Sunday, May 24, 2009

Homemade Chocolate Chips

So my mom, little brother, and I are doing this yeast detox diet for 28 days. All I can say is...this is the closest to hell I have ever been. I have decided that a life lived without wheat, dairy, and sugar is not a life at all. I fully intend to stick to my 28 day commitment, but that doesn't mean I have to like it. I am doing this for the sole purpose of figuring out what food allergies I have. After the 28 days are over you slowly add the food groups back in one at a time while monitoring your reactions. I have no doubt it will work, but 5 days in I pray that the 28 days will go by sooner than later. As a student of the art of making sugar and wheat into something that is truly good, true, and beautiful I feel as if my mission in life is not complete and there is still much to learn.

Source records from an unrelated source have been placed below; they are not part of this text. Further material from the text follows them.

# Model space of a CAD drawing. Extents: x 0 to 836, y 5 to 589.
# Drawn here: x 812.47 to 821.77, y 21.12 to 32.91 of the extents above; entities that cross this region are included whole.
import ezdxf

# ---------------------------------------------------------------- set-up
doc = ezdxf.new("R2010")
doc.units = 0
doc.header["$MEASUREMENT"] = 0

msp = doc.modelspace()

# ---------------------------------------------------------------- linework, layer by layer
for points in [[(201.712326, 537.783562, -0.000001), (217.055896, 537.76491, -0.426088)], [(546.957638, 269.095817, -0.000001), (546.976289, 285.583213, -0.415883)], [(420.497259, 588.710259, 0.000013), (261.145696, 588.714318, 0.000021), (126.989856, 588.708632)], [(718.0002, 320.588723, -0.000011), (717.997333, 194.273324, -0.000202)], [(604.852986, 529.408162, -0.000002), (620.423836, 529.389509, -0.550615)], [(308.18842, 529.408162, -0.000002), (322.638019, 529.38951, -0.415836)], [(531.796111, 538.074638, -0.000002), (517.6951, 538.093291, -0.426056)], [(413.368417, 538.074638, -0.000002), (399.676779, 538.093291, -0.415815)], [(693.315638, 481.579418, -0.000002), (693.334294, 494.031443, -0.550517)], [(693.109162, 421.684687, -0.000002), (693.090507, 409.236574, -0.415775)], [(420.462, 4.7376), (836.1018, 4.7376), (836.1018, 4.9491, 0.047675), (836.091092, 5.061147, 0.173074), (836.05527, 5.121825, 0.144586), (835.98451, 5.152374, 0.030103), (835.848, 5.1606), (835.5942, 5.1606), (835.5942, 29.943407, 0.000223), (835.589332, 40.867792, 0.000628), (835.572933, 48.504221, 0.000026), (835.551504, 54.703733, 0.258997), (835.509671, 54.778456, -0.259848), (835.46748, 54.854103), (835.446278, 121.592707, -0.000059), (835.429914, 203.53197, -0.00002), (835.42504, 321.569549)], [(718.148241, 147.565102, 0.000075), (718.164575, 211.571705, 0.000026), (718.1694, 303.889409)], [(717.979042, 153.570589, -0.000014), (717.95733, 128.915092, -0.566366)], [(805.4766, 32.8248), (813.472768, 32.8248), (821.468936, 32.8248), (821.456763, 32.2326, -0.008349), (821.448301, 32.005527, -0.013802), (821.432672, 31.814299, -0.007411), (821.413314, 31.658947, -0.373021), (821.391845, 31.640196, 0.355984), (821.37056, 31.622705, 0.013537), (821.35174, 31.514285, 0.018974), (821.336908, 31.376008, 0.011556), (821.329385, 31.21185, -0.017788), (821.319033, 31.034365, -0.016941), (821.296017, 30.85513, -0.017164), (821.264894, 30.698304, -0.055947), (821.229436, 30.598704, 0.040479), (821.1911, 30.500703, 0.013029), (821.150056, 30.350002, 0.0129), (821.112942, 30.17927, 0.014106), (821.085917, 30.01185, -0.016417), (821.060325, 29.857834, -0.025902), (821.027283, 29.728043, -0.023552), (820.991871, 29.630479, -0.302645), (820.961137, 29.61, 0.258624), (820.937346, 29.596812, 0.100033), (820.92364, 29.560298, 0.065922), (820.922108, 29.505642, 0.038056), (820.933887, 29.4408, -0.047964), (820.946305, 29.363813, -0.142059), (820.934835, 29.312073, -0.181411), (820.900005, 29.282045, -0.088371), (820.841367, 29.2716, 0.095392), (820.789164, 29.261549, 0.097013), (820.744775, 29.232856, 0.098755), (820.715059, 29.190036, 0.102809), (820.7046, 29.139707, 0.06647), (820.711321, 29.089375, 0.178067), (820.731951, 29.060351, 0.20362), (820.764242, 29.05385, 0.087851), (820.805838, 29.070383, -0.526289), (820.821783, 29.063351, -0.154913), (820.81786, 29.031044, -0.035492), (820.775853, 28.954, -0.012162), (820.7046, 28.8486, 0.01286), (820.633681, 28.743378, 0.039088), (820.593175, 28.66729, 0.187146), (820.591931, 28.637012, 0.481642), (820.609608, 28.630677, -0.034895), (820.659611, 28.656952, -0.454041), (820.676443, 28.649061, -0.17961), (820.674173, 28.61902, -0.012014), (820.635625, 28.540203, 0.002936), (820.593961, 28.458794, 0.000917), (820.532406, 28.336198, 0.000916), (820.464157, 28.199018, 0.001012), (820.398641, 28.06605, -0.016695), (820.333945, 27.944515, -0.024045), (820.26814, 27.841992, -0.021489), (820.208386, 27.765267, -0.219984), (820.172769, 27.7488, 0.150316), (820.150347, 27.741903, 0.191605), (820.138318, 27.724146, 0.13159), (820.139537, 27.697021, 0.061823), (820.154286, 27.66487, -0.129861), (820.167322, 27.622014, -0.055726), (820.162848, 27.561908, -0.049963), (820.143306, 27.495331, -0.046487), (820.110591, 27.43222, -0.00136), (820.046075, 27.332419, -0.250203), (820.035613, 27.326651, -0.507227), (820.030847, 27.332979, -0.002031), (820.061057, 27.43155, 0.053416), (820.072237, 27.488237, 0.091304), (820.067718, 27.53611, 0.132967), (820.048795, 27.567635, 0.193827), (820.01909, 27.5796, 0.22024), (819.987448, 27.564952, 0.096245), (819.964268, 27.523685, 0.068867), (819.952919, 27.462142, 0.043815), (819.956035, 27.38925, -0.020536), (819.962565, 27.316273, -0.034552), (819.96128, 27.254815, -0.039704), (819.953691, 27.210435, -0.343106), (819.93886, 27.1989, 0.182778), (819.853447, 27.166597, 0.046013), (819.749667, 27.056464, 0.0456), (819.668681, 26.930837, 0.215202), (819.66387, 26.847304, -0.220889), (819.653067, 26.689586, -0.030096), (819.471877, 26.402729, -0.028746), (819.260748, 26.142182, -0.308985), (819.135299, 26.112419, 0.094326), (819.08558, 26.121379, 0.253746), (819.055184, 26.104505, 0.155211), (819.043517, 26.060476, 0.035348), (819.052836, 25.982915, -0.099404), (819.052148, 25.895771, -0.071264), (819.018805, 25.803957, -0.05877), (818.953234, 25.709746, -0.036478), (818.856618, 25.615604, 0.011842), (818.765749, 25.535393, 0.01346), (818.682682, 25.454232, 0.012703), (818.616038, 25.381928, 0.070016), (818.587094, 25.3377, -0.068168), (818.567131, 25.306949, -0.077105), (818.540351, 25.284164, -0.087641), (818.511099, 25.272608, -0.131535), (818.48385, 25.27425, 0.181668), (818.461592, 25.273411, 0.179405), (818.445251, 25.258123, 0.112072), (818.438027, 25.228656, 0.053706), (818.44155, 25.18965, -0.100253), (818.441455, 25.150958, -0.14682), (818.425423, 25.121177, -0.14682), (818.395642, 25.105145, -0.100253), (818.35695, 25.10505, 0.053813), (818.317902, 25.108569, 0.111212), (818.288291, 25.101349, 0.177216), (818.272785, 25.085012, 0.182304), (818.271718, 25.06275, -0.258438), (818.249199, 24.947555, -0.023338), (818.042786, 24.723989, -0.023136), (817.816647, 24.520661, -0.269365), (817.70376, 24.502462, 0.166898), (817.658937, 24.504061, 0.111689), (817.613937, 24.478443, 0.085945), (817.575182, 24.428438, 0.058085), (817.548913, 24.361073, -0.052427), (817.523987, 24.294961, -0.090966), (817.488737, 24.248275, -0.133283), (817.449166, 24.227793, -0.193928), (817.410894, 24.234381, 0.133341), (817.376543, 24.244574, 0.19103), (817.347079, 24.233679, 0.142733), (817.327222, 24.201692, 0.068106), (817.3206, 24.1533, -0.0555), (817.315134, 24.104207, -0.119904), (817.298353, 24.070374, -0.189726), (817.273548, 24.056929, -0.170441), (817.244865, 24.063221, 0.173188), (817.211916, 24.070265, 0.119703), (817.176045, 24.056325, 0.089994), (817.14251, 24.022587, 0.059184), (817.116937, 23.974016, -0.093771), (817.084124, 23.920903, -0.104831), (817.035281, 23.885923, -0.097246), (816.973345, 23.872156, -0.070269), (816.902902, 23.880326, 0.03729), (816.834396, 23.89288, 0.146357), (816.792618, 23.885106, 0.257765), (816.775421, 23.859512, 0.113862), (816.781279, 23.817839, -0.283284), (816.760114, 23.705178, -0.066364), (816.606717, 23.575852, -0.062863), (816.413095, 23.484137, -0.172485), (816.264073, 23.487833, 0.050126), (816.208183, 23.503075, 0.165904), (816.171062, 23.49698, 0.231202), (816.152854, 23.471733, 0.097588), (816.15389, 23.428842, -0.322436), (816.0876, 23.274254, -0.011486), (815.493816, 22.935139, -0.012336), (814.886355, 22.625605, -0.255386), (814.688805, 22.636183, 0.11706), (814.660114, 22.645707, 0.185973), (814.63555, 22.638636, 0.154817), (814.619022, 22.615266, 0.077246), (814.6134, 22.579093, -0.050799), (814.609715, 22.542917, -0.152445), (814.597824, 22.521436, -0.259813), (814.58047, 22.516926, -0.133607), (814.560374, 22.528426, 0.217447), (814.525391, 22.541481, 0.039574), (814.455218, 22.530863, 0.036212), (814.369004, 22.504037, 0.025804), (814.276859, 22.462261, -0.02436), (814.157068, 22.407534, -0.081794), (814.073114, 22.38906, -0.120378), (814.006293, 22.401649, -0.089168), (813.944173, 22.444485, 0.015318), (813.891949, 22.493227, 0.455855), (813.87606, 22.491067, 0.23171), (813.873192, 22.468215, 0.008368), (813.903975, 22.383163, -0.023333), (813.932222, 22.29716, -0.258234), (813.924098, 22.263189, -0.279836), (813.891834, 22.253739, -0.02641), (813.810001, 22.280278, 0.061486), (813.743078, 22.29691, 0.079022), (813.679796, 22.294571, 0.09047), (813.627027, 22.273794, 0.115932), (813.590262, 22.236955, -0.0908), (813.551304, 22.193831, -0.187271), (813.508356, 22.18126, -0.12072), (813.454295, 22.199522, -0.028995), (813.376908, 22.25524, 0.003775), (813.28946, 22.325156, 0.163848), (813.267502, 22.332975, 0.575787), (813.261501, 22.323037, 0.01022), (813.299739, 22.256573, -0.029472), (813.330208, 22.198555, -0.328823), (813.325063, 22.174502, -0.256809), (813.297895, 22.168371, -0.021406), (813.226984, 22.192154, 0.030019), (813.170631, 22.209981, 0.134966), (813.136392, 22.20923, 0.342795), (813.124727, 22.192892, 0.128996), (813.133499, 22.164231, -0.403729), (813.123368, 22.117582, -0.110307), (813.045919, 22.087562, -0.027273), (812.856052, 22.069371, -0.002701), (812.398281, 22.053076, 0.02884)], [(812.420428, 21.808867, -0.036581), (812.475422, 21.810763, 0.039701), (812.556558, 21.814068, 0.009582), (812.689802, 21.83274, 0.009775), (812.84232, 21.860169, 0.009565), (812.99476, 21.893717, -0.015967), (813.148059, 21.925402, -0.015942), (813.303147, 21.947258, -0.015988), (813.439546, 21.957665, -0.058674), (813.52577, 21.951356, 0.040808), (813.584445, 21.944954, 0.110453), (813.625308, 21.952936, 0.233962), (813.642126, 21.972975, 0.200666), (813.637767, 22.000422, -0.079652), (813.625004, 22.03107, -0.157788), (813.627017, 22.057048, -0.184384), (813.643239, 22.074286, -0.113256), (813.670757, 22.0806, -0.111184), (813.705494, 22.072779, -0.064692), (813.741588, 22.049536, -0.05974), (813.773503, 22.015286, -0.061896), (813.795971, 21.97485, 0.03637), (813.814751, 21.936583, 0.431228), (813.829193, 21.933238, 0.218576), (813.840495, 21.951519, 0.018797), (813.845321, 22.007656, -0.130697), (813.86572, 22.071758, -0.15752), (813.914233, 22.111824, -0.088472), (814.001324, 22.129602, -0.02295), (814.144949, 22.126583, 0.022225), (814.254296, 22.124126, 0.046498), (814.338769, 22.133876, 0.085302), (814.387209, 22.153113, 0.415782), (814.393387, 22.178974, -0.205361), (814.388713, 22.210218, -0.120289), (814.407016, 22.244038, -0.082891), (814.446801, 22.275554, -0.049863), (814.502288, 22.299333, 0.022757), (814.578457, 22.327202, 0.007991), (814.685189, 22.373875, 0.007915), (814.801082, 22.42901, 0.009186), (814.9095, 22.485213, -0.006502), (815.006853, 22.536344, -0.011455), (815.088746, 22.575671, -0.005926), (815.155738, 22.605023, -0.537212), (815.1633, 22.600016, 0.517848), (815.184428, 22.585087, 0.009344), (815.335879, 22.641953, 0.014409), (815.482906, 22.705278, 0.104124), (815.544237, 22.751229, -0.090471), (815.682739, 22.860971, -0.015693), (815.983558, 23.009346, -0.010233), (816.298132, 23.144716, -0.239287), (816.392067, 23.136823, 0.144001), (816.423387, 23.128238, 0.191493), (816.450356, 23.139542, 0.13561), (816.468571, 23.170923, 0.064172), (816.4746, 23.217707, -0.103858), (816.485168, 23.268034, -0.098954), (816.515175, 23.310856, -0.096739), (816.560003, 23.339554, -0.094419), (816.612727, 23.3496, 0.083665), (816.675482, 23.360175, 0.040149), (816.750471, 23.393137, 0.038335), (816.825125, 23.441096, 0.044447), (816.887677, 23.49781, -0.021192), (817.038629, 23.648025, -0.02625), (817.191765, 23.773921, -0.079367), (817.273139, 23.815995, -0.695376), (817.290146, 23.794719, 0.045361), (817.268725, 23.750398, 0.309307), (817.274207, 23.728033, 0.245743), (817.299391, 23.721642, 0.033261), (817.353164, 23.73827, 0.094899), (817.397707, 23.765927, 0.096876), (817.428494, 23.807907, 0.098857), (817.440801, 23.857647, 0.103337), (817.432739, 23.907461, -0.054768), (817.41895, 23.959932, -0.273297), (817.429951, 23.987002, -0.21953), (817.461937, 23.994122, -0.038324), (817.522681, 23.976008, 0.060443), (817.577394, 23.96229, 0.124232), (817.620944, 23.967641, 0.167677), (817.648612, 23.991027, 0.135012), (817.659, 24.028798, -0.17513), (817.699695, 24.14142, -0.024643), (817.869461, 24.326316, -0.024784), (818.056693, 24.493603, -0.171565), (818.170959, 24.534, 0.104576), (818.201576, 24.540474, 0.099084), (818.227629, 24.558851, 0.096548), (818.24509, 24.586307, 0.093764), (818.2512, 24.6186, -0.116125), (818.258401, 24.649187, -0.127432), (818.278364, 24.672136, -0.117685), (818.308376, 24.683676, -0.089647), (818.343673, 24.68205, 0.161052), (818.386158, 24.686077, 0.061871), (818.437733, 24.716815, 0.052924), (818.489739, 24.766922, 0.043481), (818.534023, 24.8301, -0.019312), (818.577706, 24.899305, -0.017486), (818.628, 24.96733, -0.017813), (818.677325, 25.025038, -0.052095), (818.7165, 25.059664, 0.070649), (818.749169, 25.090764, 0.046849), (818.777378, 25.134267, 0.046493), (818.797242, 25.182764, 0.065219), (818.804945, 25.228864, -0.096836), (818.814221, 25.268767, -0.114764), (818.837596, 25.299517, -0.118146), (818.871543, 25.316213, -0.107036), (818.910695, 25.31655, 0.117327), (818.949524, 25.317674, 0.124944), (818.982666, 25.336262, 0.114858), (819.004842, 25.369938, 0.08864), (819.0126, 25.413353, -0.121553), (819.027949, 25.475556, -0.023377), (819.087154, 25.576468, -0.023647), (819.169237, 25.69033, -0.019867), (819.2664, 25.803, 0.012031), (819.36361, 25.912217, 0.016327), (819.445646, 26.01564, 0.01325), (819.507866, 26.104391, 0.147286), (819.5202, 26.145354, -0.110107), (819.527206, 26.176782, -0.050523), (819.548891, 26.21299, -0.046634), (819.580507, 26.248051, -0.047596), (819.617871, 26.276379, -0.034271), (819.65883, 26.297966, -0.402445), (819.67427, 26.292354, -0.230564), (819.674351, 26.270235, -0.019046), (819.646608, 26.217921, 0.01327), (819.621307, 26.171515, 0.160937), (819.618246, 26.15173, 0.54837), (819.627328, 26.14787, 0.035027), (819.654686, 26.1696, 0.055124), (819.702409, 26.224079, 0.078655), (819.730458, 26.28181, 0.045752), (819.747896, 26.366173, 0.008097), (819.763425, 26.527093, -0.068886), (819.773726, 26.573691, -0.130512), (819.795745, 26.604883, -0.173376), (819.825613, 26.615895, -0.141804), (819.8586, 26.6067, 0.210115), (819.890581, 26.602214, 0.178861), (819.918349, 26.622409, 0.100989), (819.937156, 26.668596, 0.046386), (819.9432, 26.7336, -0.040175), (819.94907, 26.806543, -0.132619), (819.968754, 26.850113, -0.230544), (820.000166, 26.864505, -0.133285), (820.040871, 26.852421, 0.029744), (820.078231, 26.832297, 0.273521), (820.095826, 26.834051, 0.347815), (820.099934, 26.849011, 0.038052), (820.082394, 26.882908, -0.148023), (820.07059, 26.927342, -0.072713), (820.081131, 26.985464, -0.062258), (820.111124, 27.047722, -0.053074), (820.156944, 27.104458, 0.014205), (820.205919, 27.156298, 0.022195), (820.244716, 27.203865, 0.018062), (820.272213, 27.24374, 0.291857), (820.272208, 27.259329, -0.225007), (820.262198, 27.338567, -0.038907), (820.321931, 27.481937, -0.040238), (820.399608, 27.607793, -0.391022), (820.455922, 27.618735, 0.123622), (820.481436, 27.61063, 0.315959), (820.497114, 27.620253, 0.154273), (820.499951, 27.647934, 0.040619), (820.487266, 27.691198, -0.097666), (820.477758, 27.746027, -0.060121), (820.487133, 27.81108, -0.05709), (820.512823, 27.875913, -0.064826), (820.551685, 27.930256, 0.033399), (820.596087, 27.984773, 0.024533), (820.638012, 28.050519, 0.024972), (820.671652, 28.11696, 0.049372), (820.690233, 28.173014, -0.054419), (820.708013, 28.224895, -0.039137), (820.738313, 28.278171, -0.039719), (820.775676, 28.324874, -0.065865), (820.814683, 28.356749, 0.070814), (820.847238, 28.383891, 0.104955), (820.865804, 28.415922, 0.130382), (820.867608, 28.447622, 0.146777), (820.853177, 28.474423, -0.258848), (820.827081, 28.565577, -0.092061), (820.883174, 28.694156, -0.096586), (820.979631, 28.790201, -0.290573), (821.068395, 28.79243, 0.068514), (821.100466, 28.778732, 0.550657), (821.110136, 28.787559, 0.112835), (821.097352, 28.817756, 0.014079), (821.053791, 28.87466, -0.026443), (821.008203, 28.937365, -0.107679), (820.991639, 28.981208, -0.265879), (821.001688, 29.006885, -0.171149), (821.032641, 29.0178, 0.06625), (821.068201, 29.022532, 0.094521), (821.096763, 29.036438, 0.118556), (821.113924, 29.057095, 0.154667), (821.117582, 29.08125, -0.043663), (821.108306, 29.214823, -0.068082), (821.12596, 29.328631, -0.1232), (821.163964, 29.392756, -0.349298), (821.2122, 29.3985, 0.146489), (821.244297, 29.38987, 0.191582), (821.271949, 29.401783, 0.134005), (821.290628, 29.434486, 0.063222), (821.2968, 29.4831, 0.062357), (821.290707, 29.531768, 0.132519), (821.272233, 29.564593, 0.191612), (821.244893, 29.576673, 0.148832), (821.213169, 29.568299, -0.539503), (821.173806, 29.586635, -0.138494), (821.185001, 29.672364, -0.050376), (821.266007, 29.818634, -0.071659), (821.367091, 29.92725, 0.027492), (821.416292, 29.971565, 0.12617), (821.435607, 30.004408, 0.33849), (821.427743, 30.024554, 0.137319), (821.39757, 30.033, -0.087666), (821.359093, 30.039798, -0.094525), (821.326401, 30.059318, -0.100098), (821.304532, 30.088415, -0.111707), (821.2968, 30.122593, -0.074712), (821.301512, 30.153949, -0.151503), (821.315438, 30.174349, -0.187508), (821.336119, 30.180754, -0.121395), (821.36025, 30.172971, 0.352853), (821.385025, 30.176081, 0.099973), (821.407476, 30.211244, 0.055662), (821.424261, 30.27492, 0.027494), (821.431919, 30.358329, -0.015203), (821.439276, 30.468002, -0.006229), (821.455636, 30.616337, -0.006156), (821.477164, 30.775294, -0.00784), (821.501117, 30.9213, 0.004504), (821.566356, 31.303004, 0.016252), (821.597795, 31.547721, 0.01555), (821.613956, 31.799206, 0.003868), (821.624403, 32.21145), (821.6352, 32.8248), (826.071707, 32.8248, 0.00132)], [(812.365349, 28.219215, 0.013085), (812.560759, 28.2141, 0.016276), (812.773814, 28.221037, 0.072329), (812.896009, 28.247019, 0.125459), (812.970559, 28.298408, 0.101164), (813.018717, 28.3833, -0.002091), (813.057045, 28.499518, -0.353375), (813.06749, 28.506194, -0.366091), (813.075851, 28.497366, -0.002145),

This "plan" eliminates basically all carbs - no potatoes, rice, bread, pasta, wheat, corn - nothing - zilch. Oh, we can eat quinoa - which is very weird tasting to me, and I am trying to like it - really I am. Also - limited fruit - and definitely no bananas, or grapes. Lots of veggies...big whoop there. No dairy - milk, cheese, yogurt, - not even rice or almond milk is allowed. The hardest has been no sugar. No honey, no maple syrup. We can however use this natural sugar look alike..."xyitol". I still haven't figured out exactly what it is, but apparently it is safe for diabetics. In a desperate search of something to quench my sweet tooth over the next 23 days I finally came upon an acceptable "cheating chocolate" solution. I made my own chocolate chips...well I guess they were more like chocolate bits. Very excited about this recipe. I am also a huge fan of carob so I made mine with carob powder. However, it should work just as well with cocoa powder. Also, it calls for coconut oil - which is awesome, but I imagine you could also use butter if you don't have coconut oil on hand. I have never used coconut oil before this recipe, so I am not sure if it will yield the same results, but it is worth a try.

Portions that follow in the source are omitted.